When you run a pipeline, the system launches one or more Kubernetes Pods corresponding to the steps (components) in your workflow (pipeline). The Pods start Docker containers, and the containers in turn start your programs. Pipelines may also feature control flow.

## Concepts

### Pipeline Root
[Pipeline root](https://www.kubeflow.org/docs/components/pipelines/concepts/pipeline-root/) represents the path within an object store bucket where Kubeflow Pipelines stores a pipeline’s artifacts.

### Component
A pipeline component is the fundamental building block to construct a Kubeflow Pipelines pipeline. The component structure serves the purpose of packaging a functional unit of code along with its dependencies, so that it can be run as part of a workflow in a Kubernetes environement. Components can be combined in a pipeline that creates a repeatable workflow, with individual components coordinating on inputs and outputs like parameters and artifacts.

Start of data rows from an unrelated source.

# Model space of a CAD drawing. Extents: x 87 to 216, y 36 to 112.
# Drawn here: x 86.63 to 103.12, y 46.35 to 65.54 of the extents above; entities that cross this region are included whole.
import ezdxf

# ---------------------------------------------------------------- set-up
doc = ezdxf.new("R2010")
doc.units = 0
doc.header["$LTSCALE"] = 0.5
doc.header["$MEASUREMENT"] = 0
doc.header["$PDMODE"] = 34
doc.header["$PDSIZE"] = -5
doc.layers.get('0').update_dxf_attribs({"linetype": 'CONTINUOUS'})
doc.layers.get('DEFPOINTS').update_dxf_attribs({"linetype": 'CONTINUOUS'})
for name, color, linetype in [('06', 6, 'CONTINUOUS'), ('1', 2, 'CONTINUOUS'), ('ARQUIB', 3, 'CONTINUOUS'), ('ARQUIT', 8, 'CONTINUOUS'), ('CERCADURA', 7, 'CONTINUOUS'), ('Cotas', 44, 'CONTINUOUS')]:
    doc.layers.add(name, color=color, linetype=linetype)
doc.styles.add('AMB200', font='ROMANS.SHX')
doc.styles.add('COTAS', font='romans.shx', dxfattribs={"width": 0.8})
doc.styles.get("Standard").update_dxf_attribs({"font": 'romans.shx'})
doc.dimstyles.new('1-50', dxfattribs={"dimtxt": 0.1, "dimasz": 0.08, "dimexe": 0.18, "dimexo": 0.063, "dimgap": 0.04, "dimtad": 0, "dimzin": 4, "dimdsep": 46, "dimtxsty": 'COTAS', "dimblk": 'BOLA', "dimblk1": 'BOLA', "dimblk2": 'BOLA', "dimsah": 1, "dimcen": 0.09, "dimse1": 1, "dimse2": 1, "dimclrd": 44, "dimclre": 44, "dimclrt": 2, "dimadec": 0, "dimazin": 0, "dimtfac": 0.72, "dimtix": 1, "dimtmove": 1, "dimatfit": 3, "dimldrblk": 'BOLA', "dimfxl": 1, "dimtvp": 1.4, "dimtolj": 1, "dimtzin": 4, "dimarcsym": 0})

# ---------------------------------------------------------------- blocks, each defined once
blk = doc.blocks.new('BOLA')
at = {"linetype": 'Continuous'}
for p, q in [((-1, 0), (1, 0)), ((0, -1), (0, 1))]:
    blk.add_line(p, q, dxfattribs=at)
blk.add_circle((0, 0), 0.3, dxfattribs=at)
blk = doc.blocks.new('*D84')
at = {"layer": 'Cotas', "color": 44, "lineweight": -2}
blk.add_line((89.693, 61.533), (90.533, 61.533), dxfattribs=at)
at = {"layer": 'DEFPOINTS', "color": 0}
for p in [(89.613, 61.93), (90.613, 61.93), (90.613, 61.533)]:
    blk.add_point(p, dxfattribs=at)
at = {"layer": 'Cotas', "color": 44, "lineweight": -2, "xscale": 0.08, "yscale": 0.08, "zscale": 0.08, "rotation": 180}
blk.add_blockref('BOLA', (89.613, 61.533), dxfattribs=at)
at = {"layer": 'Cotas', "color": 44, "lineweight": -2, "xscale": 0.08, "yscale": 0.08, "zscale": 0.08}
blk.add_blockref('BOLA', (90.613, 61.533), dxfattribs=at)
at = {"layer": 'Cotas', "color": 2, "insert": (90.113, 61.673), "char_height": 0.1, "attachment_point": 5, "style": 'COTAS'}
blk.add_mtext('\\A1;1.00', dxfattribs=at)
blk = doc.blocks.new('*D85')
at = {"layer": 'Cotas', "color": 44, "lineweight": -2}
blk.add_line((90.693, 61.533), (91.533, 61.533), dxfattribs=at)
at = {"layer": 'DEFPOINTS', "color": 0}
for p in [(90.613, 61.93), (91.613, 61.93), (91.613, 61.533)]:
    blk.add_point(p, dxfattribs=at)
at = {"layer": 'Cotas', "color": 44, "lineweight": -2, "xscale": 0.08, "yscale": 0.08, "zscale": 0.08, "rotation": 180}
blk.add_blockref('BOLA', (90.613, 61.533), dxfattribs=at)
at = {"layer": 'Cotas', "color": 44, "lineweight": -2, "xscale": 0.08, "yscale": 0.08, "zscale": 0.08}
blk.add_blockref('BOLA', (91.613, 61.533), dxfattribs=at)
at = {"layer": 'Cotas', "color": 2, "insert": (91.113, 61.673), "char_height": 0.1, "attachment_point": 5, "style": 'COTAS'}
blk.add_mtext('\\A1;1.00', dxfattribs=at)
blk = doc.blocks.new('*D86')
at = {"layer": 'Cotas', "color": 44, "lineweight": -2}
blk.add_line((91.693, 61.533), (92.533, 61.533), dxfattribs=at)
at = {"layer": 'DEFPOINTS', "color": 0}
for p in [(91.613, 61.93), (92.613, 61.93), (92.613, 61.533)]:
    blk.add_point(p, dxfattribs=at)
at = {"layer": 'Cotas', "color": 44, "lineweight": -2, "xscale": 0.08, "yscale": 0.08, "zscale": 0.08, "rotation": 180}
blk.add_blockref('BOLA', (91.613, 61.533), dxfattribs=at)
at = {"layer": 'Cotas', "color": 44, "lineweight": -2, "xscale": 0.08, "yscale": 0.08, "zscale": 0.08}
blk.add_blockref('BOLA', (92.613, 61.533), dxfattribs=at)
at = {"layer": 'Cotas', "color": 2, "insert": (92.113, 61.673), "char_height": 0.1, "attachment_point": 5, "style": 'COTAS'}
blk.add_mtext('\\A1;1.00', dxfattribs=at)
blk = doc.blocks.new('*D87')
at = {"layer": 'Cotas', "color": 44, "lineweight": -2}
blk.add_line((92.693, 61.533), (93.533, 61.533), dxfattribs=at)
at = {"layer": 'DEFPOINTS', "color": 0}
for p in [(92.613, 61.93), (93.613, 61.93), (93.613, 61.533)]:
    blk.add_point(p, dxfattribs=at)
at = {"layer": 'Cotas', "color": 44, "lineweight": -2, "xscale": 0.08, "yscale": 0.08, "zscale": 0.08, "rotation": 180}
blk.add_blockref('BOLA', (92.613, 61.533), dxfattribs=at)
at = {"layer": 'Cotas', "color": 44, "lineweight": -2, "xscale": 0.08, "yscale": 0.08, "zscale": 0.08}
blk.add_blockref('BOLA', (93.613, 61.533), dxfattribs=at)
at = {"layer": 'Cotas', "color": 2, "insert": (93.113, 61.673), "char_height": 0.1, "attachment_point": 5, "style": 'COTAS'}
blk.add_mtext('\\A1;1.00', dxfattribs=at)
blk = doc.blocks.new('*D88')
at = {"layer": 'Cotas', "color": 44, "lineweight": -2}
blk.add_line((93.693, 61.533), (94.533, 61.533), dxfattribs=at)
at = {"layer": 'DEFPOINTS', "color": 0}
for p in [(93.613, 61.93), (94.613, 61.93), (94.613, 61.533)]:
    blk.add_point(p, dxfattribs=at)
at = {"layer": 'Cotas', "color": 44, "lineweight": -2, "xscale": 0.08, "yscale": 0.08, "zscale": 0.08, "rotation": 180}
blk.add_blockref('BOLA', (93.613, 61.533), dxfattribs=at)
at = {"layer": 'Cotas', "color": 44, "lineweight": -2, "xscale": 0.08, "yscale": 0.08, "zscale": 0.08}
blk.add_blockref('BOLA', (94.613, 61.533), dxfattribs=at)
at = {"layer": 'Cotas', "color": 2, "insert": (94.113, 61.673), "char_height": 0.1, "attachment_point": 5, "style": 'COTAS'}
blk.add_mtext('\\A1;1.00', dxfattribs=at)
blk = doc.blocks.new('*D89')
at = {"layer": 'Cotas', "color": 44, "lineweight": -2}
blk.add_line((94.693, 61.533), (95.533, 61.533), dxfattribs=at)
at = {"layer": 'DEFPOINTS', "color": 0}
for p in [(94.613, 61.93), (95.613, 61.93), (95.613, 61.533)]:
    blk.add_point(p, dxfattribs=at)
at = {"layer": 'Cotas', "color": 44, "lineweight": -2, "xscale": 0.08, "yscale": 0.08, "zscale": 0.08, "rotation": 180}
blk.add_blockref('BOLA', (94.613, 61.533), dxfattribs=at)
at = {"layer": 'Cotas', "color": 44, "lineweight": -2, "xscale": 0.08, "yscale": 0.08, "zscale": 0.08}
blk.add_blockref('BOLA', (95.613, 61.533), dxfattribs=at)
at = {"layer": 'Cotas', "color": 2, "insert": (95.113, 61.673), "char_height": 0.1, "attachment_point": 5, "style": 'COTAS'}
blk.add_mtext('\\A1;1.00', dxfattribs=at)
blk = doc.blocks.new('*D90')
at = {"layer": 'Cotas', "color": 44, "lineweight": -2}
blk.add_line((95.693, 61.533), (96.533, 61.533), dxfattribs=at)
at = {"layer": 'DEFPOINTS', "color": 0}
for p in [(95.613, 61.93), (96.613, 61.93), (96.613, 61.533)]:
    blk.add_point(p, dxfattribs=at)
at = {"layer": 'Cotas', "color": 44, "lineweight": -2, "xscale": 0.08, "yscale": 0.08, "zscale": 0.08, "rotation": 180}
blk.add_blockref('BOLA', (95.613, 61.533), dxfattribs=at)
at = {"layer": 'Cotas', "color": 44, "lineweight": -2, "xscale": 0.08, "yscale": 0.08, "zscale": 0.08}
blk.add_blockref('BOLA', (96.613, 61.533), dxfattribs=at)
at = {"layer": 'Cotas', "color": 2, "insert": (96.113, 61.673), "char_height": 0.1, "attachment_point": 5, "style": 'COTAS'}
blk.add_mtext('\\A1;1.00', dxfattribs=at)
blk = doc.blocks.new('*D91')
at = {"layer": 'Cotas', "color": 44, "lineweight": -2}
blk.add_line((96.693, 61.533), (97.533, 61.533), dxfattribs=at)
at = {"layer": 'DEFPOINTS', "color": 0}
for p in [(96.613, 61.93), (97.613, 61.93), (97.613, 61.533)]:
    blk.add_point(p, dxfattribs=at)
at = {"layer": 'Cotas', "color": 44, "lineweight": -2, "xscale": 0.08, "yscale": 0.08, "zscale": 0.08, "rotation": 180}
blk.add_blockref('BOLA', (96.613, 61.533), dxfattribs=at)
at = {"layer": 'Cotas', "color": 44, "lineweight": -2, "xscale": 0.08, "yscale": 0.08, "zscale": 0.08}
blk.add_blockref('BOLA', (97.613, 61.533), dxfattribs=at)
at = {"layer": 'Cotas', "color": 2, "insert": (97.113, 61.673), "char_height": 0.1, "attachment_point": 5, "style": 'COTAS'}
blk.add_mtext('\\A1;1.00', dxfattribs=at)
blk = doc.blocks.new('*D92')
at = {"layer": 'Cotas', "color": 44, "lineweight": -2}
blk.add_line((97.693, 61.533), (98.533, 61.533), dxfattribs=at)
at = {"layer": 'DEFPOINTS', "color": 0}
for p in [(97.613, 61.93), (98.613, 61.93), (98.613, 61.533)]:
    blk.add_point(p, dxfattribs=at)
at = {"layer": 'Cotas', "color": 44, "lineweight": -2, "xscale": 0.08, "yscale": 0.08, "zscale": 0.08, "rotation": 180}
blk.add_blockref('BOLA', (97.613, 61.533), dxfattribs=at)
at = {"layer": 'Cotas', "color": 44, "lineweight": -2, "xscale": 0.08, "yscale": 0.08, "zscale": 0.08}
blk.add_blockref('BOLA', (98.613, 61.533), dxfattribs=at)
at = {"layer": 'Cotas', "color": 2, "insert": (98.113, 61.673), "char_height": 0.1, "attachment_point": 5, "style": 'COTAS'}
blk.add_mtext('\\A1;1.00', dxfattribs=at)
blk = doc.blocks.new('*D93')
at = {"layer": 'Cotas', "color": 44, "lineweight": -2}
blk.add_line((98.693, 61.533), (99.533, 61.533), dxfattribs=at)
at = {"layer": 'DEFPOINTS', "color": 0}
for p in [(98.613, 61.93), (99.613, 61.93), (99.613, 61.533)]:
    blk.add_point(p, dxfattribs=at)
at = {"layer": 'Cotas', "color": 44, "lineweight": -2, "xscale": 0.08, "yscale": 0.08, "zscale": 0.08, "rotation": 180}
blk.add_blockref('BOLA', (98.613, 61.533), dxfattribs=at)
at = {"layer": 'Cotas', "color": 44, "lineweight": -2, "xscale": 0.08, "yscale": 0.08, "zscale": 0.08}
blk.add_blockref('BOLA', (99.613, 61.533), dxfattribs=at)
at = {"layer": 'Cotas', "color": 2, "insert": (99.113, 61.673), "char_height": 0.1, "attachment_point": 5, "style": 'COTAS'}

A component is similar to a programming function. It is most often implemented as a wrapper to a Python function using the KFP Python SDK. However, a KFP component goes further than a simple function, with support for code dependencies, runtime environments, and distributed execution requirements.

KFP components are designed to simplify constructing and running ML workflows in a Kubernetes environment.

#### What Does a Component Consist Of?
A KFP component consist of the following key elements:

1. Code  
    - Typically a Python function, but can be other code such as a Bash command.
2. Dependency Support  
    - **Python libraries** - to be installed at runtime
    - **Environment variables** - to be available in the runtime environment
    - **Python package indices** - (for example, private PyPi servers) if needed to support installations
    - **Cluster resources** - to support use of ConfigMaps, Secrets, PersistentVolumeClaims, and more
    - **Runtime dependencies** - to support CPU, memory, and GPU requests and limits
3. Base Image
    - Defines the base container runtime environment (defaults to a generic Python base image)
    - May include system dependencies and pre-installed Python libraries
4. Input/Output (I/O) Specification
    - Individual components cannot share in-memory data with each other, so they use the following concepts to support exchanging information and publishing results:
        - **Parameters** – for small values
        - **Artifacts** - for larger data like model files, processed datasets, and metadata

#### Python-Based Components
- `@component` wrapper helps the KFP Python SDK supply the needed context for running these functions in containers as part of a KFP pipeline.
- By default Python function run on the default base image (`kfp.dsl.component_factory._DEFAULT_BASE_IMAGE`).
- Layers of customization can be added to a component by supplying the name of a specific `base_image`, and `packages_to_install`.
- since the function will run inside a container (and won’t have the script context), all Python library dependencies need to be imported within the component function.
- use KFP’s `Output[<Artifact>]` class for creating a KFP artifact type output.
- inputs and outputs are defined as Python function parameters.
- dependencies can often be installed at runtime, avoiding the need for custom base containers.
- Python-based components give close access to the Python tools that ML experimenters rely on, like modules and imports, usage information, type hints, and debugging tools.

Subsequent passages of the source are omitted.